When you have gone through the entries below, state how many lines include the word "Length" and write nothing else.

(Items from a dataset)
= = = =
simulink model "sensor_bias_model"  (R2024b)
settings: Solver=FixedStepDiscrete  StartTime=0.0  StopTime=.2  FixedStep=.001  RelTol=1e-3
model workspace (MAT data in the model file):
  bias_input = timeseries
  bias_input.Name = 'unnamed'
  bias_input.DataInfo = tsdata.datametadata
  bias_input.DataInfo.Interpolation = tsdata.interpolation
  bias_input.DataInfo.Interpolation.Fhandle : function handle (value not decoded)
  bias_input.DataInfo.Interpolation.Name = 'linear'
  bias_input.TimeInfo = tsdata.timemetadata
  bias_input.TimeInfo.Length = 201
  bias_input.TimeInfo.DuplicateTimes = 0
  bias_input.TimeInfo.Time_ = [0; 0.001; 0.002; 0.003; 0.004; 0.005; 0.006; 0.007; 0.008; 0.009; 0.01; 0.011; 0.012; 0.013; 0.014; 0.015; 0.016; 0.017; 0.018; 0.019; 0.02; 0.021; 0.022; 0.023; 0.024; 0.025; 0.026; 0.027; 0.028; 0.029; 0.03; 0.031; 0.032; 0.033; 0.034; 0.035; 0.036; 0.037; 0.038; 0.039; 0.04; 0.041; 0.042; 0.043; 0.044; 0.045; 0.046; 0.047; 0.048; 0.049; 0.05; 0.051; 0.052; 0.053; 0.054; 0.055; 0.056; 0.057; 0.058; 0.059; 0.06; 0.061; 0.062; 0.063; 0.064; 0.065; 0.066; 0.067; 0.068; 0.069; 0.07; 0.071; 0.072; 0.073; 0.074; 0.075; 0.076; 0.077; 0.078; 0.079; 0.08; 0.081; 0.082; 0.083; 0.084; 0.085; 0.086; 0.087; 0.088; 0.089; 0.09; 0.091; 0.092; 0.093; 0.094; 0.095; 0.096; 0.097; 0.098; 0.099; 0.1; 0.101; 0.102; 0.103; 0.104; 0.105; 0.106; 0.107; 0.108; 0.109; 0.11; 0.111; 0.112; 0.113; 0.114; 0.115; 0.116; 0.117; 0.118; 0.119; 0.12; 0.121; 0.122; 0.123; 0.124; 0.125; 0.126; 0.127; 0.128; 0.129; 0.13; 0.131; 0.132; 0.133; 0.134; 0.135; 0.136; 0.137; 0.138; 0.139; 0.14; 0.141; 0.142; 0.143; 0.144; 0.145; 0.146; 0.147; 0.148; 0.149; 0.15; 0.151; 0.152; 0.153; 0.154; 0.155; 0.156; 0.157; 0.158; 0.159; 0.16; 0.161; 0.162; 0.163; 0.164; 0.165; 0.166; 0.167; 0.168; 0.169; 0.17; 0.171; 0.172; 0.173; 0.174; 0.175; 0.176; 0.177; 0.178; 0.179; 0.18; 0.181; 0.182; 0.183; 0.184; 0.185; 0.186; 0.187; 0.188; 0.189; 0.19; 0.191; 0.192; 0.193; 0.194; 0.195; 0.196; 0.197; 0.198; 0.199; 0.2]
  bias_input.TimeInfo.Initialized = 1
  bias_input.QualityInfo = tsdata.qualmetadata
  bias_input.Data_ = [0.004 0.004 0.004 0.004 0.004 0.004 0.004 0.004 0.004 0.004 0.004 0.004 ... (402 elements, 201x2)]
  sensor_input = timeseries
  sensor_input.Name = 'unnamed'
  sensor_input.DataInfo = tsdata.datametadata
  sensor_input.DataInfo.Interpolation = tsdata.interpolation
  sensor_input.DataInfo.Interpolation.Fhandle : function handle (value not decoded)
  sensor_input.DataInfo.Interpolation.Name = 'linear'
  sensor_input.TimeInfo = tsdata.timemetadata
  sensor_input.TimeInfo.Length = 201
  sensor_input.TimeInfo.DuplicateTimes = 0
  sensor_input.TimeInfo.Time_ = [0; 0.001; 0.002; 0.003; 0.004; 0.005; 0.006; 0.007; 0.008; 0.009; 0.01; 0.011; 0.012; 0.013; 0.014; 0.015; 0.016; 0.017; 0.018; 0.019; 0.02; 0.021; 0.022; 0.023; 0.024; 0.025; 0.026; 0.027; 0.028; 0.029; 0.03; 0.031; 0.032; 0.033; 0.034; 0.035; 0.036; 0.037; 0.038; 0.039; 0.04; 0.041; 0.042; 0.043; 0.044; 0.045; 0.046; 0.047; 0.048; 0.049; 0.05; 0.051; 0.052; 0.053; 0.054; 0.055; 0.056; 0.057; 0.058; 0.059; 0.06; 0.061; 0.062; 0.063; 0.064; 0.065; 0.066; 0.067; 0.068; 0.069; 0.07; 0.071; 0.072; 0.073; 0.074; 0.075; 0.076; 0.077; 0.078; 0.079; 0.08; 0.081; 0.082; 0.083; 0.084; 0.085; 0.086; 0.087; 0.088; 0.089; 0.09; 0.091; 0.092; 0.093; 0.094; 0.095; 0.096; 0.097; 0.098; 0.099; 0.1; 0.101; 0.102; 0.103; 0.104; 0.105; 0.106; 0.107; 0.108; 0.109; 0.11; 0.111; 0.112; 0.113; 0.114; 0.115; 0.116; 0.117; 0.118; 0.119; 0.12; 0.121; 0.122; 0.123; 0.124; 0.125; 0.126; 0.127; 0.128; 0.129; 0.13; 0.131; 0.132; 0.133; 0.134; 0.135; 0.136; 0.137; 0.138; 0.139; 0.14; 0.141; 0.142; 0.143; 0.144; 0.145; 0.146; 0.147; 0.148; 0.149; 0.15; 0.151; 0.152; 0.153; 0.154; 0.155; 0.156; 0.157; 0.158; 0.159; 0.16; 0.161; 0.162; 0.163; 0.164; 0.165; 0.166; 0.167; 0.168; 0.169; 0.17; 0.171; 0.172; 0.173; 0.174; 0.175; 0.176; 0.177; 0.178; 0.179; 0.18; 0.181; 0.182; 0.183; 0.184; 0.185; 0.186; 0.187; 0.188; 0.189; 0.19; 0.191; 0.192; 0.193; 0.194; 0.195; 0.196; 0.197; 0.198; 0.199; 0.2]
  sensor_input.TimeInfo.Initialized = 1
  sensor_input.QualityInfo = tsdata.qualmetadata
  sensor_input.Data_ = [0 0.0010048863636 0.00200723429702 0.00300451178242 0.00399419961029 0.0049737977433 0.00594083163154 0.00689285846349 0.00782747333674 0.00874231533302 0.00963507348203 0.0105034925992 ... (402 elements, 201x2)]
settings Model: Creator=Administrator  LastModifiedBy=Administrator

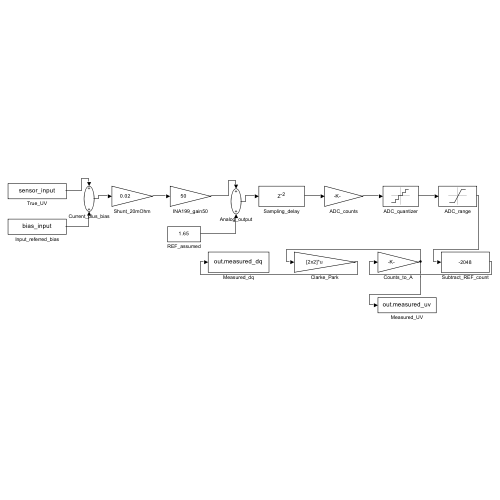
[thumbnail: Simulink's stored preview of the top-level diagram]
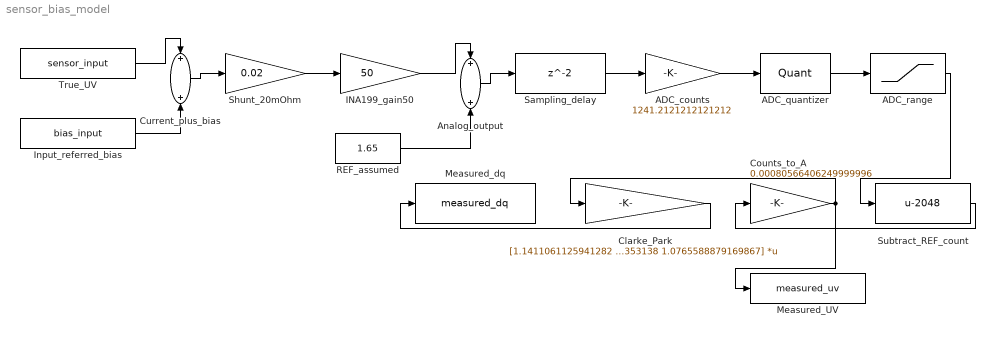
== system sensor_bias_model ==
  ADC_counts : Gain  Gain=1241.2121212121212
  ADC_quantizer : Quantizer  QuantizationInterval=1
  ADC_range : Saturate  UpperLimit=4095  LowerLimit=0
  Analog_output : Sum
  Clarke_Park : Gain  Gain=[1.1411061125941282 0.41755753397618728;0.17666401199353138 1.0765588879169867]  Multiplication=Matrix(K*u)
  Counts_to_A : Gain  Gain=0.00080566406249999996
  Current_plus_bias : Sum
  INA199_gain50 : Gain  Gain=50
  Input_referred_bias : FromWorkspace  VariableName=bias_input
  Measured_UV : ToWorkspace  VariableName=measured_uv  SaveFormat=Timeseries  SampleTime=-1
  Measured_dq : ToWorkspace  VariableName=measured_dq  SaveFormat=Timeseries  SampleTime=-1
  REF_assumed : Constant  Value=1.65
  Sampling_delay : Delay  InitialCondition=[1.6539999999999999 1.6539999999999999;1.6619999999999999 1.6619999999999999]  SampleTime=.001
  Shunt_20mOhm : Gain  Gain=0.02
  Subtract_REF_count : Bias  Bias=-2048  SaturateOnIntegerOverflow=off
  True_UV : FromWorkspace  VariableName=sensor_input
  wires:
  True_UV/1 -> Current_plus_bias/1
  Input_referred_bias/1 -> Current_plus_bias/2
  Current_plus_bias/1 -> Shunt_20mOhm/1
  Shunt_20mOhm/1 -> INA199_gain50/1
  INA199_gain50/1 -> Analog_output/1
  REF_assumed/1 -> Analog_output/2
  Analog_output/1 -> Sampling_delay/1
  Sampling_delay/1 -> ADC_counts/1
  ADC_counts/1 -> ADC_quantizer/1
  ADC_quantizer/1 -> ADC_range/1
  ADC_range/1 -> Subtract_REF_count/1
  Subtract_REF_count/1 -> Counts_to_A/1
  Counts_to_A/1 -> Clarke_Park/1, Measured_UV/1
  Clarke_Park/1 -> Measured_dq/1
= = = =
• [Answer for this exercise]
2